ACTIVITY: Return all of the following entries as written, but without the images.
Start of RECORDS PROVIDED
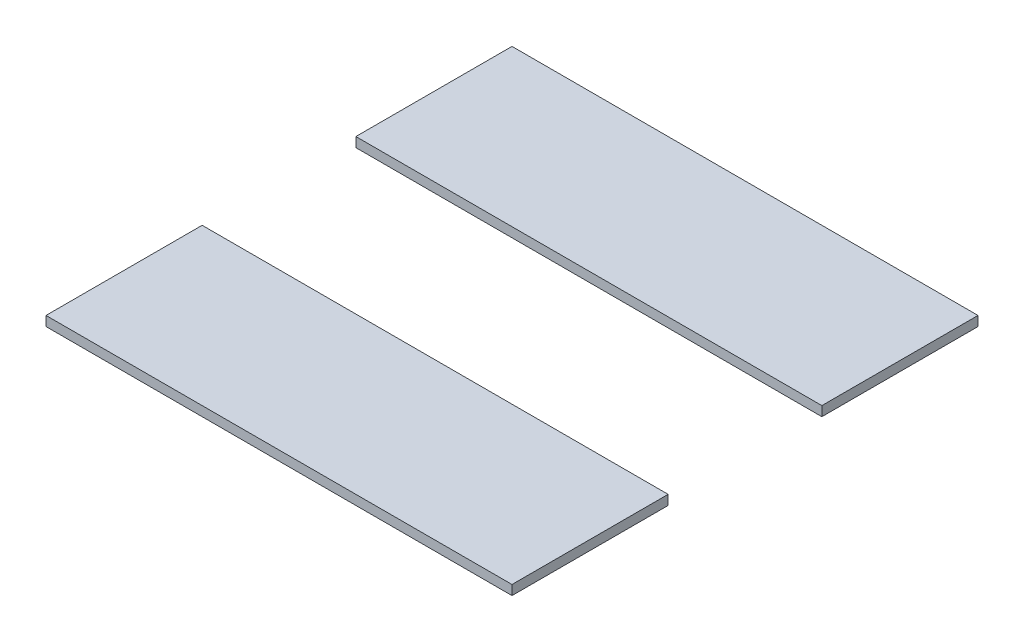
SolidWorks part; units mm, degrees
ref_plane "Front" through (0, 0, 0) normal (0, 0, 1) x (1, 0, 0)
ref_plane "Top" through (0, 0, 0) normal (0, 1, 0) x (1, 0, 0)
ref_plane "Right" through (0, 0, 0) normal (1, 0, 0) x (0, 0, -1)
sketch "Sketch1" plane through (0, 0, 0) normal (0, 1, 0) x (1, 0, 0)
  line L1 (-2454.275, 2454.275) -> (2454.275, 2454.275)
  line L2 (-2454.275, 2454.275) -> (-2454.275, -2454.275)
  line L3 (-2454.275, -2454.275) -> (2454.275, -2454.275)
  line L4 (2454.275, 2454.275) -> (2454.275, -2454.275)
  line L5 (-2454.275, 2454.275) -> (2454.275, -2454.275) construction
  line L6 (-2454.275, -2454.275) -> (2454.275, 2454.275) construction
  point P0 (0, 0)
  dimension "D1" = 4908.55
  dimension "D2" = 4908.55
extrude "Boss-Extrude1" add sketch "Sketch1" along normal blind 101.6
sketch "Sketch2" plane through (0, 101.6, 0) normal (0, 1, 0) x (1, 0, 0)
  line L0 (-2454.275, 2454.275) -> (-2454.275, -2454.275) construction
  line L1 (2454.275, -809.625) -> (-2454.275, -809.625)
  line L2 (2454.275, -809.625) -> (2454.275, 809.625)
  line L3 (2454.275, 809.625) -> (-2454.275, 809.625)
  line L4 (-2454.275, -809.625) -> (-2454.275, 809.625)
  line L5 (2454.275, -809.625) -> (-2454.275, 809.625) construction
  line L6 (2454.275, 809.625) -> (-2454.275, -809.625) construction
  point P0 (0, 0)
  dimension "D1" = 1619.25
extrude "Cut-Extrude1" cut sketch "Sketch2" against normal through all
End of RECORDS PROVIDED
RESPONSE AREA:
SolidWorks part; units mm, degrees
ref_plane "Front" through (0, 0, 0) normal (0, 0, 1) x (1, 0, 0)
ref_plane "Top" through (0, 0, 0) normal (0, 1, 0) x (1, 0, 0)
ref_plane "Right" through (0, 0, 0) normal (1, 0, 0) x (0, 0, -1)
sketch "Sketch1" plane through (0, 0, 0) normal (0, 1, 0) x (1, 0, 0)
  line L1 (-2454.275, 2454.275) -> (2454.275, 2454.275)
  line L2 (-2454.275, 2454.275) -> (-2454.275, -2454.275)
  line L3 (-2454.275, -2454.275) -> (2454.275, -2454.275)
  line L4 (2454.275, 2454.275) -> (2454.275, -2454.275)
  line L5 (-2454.275, 2454.275) -> (2454.275, -2454.275) construction
  line L6 (-2454.275, -2454.275) -> (2454.275, 2454.275) construction
  point P0 (0, 0)
  dimension "D1" = 4908.55
  dimension "D2" = 4908.55
extrude "Boss-Extrude1" add sketch "Sketch1" along normal blind 101.6
sketch "Sketch2" plane through (0, 101.6, 0) normal (0, 1, 0) x (1, 0, 0)
  line L0 (-2454.275, 2454.275) -> (-2454.275, -2454.275) construction
  line L1 (2454.275, -809.625) -> (-2454.275, -809.625)
  line L2 (2454.275, -809.625) -> (2454.275, 809.625)
  line L3 (2454.275, 809.625) -> (-2454.275, 809.625)
  line L4 (-2454.275, -809.625) -> (-2454.275, 809.625)
  line L5 (2454.275, -809.625) -> (-2454.275, 809.625) construction
  line L6 (2454.275, 809.625) -> (-2454.275, -809.625) construction
  point P0 (0, 0)
  dimension "D1" = 1619.25
extrude "Cut-Extrude1" cut sketch "Sketch2" against normal through all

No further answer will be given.